Can I Use Snowplow Data to Build Sankey Diagrams of User Journeys?
User journey visualization is a powerful technique for understanding behavior flows across a website or app. Tools like Google Analytics (GA) offer limited out-of-the-box versions — but with Snowplow, you can create custom, flexible, and privacy-respecting Sankey diagrams that reveal actual user paths and drop-offs across sessions.
In this post, we explain how to turn your Snowplow event data into Sankey-style visualizations, covering data modeling, transformation, and rendering options.
Q: What is a Sankey diagram in the context of digital analytics?
A Sankey diagram is a flow-based visualization that shows the movement of users (or other entities) between states or stages — such as page views or actions. It’s often used to reveal:
- Popular entry paths
- Drop-off points in funnels
- Conversion paths across multiple steps
- Differences between audience segments
For Snowplow users, Sankey diagrams can bring rich context to web, mobile, or app journeys using the full power of your event-level data.
Q: Can I build this with Snowplow data?
Yes — Snowplow’s granular behavioral data is a perfect fit for constructing Sankey diagrams. Unlike aggregated tools (like GA), Snowplow gives you:
- Session-level and page-level events
- Full timestamped navigation sequences
- Custom contexts (e.g. product categories, device type, marketing source)
- First-party data with ownership and flexibility
You can model exactly the journey flow you want — and segment it however you choose.
Q: What data structure do I need to generate a Sankey diagram?
To render a Sankey diagram, most libraries or BI tools expect pairs of sequential steps with associated flow counts.
To get this structure from Snowplow:
- Group events by user session
- Sort by event timestamp
- Create “step pairs” from the ordered event paths
- Aggregate by step pair
This can be done in dbt, SQL, or Spark depending on your Snowplow setup.
Q: How do I model user journeys in dbt?
If you’re using the Snowplow dbt packages, you already have access to modeled sessions and page_views data.
A basic journey model might look like:
WITH ordered_events AS (
SELECT
domain_userid,
domain_sessionid,
page_urlpath,
event_time,
ROW_NUMBER() OVER (
PARTITION BY domain_sessionid
ORDER BY event_time
) AS step_order
FROM snowplow.page_views
)
, step_pairs AS (
SELECT
a.page_urlpath AS from_step,
b.page_urlpath AS to_step
FROM ordered_events a
JOIN ordered_events b
ON a.domain_userid = b.domain_userid
AND a.domain_sessionid = b.domain_sessionid
AND a.step_order = b.step_order - 1
)
SELECT
from_step,
to_step,
COUNT(*) AS flow_count
FROM step_pairs
GROUP BY from_step, to_step
This can be materialized into a table and used directly in your BI tool or exported for visualization.
Q: What tools can I use to visualize a Sankey diagram?
Popular options include:
- Looker / Tableau / Power BI
- Some support Sankey visualizations via custom extensions or plug-ins
- Some support Sankey visualizations via custom extensions or plug-ins
- Observable / D3.js / Plotly
- Full control via code for web-based dashboards
- Full control via code for web-based dashboards
- Python (Plotly, Holoviews, SankeyMATIC)
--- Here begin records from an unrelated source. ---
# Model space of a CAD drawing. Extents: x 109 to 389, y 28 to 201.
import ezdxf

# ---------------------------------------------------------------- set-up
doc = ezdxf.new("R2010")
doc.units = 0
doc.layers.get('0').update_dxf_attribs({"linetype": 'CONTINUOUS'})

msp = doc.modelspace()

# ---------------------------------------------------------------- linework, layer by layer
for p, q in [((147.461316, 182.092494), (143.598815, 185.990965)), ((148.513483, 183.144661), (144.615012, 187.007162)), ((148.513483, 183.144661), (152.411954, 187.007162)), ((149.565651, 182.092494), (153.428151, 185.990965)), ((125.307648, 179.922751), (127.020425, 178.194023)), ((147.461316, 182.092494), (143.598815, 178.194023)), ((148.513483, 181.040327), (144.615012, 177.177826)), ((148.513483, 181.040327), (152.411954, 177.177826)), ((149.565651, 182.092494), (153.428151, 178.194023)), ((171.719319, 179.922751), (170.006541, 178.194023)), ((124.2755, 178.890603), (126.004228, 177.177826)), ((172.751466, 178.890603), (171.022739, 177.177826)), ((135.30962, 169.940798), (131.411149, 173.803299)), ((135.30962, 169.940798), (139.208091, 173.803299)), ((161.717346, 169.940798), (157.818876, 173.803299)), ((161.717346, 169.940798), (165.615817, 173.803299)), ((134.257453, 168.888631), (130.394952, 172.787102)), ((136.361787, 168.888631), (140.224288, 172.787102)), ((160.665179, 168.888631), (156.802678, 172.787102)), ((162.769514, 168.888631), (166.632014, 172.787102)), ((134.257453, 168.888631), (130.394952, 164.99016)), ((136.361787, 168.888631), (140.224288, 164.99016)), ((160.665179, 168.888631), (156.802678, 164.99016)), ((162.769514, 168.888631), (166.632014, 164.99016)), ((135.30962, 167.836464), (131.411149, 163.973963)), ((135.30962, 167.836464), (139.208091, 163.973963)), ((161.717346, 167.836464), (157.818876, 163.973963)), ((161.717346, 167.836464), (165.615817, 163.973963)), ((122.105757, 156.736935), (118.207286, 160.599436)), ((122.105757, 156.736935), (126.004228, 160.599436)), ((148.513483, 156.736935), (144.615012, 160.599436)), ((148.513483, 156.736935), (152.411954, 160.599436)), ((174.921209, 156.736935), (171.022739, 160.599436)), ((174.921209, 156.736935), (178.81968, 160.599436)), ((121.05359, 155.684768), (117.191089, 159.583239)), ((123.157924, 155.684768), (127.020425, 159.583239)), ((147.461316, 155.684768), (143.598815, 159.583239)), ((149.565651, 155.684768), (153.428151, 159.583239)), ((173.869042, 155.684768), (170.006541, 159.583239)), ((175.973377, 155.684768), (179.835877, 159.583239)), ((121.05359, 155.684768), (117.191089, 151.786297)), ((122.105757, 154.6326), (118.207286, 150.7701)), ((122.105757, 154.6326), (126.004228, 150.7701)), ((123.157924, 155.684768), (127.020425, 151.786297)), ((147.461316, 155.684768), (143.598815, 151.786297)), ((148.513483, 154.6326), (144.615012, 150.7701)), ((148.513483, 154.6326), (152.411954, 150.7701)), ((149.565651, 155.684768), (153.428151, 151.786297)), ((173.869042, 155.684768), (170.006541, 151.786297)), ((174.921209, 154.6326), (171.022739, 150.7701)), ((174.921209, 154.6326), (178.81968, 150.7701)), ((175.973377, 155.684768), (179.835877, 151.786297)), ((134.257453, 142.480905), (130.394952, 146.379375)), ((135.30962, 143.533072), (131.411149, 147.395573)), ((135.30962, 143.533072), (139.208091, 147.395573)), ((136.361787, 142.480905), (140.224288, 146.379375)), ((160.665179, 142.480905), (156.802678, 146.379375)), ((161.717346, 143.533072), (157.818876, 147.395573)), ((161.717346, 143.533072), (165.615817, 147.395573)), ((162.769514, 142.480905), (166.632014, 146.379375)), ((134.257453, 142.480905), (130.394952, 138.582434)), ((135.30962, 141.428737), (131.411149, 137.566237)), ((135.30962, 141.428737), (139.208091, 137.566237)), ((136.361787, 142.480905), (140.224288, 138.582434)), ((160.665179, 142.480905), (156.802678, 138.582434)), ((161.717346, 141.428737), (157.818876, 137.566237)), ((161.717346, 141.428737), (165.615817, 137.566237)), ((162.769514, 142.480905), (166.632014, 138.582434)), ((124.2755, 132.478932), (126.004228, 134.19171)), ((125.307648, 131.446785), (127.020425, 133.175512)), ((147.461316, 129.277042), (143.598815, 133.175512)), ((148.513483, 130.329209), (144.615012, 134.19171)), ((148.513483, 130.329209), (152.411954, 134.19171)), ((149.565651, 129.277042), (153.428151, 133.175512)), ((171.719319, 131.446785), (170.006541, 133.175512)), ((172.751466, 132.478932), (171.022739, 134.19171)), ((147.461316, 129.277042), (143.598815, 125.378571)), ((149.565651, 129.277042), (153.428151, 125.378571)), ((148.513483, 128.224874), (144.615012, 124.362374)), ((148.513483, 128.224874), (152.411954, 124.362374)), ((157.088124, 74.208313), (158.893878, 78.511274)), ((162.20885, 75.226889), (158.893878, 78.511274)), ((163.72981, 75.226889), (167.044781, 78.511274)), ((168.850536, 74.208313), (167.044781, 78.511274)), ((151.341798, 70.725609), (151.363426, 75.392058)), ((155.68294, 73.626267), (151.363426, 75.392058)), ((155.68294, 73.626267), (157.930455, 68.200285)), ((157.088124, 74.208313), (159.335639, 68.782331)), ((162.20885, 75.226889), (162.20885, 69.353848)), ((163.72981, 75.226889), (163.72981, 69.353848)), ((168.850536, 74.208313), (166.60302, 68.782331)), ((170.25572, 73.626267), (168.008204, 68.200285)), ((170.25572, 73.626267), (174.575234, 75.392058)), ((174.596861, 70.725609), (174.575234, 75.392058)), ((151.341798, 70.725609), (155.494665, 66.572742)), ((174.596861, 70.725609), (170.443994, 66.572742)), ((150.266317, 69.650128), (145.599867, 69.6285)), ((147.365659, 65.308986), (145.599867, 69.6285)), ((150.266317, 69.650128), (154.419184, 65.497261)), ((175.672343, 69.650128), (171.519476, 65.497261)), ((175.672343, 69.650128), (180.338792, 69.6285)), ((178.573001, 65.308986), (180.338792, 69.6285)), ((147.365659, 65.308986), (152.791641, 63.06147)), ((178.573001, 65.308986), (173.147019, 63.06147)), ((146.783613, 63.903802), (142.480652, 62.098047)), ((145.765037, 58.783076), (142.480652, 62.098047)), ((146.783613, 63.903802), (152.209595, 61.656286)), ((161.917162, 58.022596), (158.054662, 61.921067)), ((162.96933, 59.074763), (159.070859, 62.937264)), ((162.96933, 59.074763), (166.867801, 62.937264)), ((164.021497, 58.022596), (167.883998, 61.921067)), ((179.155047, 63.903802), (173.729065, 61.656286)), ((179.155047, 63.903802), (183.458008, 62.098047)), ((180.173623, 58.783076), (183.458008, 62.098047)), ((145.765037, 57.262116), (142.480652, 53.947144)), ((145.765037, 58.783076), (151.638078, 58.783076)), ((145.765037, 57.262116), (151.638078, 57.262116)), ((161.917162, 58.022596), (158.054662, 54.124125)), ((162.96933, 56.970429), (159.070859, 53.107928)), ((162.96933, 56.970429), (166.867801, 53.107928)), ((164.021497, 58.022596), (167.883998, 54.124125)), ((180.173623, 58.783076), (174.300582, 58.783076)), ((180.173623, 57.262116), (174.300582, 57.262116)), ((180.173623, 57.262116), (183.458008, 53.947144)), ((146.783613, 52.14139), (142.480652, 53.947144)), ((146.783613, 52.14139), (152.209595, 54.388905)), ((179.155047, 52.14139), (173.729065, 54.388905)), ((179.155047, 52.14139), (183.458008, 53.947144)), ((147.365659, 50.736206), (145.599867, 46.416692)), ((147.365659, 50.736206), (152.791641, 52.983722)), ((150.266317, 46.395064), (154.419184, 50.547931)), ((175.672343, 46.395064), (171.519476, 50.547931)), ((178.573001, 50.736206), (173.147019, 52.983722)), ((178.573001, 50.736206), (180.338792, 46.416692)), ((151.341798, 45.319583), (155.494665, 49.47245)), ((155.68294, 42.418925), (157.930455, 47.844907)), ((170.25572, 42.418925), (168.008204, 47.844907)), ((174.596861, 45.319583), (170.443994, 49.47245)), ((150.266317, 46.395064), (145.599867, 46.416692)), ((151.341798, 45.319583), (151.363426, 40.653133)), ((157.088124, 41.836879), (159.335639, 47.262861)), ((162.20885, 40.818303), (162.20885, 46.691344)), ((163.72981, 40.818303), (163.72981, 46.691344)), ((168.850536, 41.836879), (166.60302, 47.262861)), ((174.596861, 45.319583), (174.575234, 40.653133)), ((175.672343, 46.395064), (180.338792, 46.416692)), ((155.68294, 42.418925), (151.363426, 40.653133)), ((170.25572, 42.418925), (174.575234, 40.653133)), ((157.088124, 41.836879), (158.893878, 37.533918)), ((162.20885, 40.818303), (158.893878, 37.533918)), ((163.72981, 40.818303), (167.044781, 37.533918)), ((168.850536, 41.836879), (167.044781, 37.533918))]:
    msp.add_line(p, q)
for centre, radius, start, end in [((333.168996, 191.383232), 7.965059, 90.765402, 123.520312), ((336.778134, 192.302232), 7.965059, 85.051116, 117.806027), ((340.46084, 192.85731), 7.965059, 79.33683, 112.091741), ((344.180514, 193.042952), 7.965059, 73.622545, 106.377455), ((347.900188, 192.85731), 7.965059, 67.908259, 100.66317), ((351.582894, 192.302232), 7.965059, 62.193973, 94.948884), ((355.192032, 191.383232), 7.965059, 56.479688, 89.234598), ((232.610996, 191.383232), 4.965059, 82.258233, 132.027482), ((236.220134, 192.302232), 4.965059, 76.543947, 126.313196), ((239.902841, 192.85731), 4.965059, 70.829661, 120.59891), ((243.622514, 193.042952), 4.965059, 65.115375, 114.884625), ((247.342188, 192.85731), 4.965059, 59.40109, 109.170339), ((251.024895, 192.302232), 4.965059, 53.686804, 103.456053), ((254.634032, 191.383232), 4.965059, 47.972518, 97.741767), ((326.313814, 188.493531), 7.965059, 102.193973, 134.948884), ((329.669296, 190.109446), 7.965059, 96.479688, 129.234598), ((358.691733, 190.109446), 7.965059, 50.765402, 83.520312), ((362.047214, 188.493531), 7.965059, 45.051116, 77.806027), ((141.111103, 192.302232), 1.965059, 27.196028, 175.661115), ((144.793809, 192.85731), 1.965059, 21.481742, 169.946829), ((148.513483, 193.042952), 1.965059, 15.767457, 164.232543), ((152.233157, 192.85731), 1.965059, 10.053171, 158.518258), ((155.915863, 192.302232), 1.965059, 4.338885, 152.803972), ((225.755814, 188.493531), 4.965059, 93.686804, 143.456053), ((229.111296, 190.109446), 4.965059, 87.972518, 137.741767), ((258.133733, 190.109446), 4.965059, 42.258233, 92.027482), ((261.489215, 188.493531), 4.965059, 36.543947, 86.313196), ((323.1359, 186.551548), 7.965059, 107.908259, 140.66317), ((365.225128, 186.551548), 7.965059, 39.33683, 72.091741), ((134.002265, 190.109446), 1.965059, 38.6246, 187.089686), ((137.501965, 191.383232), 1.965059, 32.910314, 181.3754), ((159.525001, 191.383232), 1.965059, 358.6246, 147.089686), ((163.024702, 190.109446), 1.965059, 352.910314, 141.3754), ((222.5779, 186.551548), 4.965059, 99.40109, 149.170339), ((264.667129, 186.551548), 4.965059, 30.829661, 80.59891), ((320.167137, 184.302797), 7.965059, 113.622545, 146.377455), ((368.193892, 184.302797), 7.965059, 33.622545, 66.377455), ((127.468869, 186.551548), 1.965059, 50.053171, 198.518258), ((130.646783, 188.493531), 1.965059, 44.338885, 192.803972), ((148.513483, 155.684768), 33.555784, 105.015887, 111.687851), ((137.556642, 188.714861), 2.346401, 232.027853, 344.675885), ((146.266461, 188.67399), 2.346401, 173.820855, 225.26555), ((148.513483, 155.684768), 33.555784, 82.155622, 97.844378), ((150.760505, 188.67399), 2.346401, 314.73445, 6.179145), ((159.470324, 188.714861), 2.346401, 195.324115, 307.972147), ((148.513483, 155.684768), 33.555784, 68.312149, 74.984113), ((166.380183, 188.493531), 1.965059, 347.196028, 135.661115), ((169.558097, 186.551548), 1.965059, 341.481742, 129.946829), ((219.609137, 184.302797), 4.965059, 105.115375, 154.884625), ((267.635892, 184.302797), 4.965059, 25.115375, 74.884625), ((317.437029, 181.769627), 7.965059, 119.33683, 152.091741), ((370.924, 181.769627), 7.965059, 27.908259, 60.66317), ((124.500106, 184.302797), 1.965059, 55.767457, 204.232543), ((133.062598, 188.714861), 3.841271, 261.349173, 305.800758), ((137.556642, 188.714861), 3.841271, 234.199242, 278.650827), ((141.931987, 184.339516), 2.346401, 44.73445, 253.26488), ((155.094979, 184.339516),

- Ideal for data scientists working in Jupyter or Streamlit apps
- Ideal for data scientists working in Jupyter or Streamlit apps
Choose based on your team’s skill set and delivery needs — Snowplow gives you the flexibility to integrate with any visualization layer.
Q: Are there best practices for Sankey diagrams with Snowplow?
Absolutely. Here are some:
- Limit the number of unique steps: Group long-tail pages into “Other” or “Explore” to keep visuals readable
- Use meaningful labels: Consider labeling steps by category or funnel stage rather than raw URLs
- Segment the audience: Visualize journeys by device, campaign, or referrer for deeper insights
- Pre-aggregate the data: Don’t render at the session level — use aggregated pairs (as shown above) to optimize performance
Q: Does Snowplow support this out of the box?
While Snowplow doesn’t ship with built-in Sankey visualizations, it provides everything you need to build one, including:
- Complete event-level, time-ordered data
- Out-of-the-box session modeling
- Integration with dbt, BigQuery, Redshift, and Databricks
- First-party, privacy-compliant tracking from web, mobile, and server sources
Final Thoughts
Sankey diagrams are a powerful way to bring your Snowplow data to life. Whether you’re mapping product funnels, onboarding flows, or content journeys, Snowplow gives you the depth, structure, and ownership needed to visualize user behavior with confidence.
Your data, your structure, your visual — Snowplow puts you in control of your user journey analytics.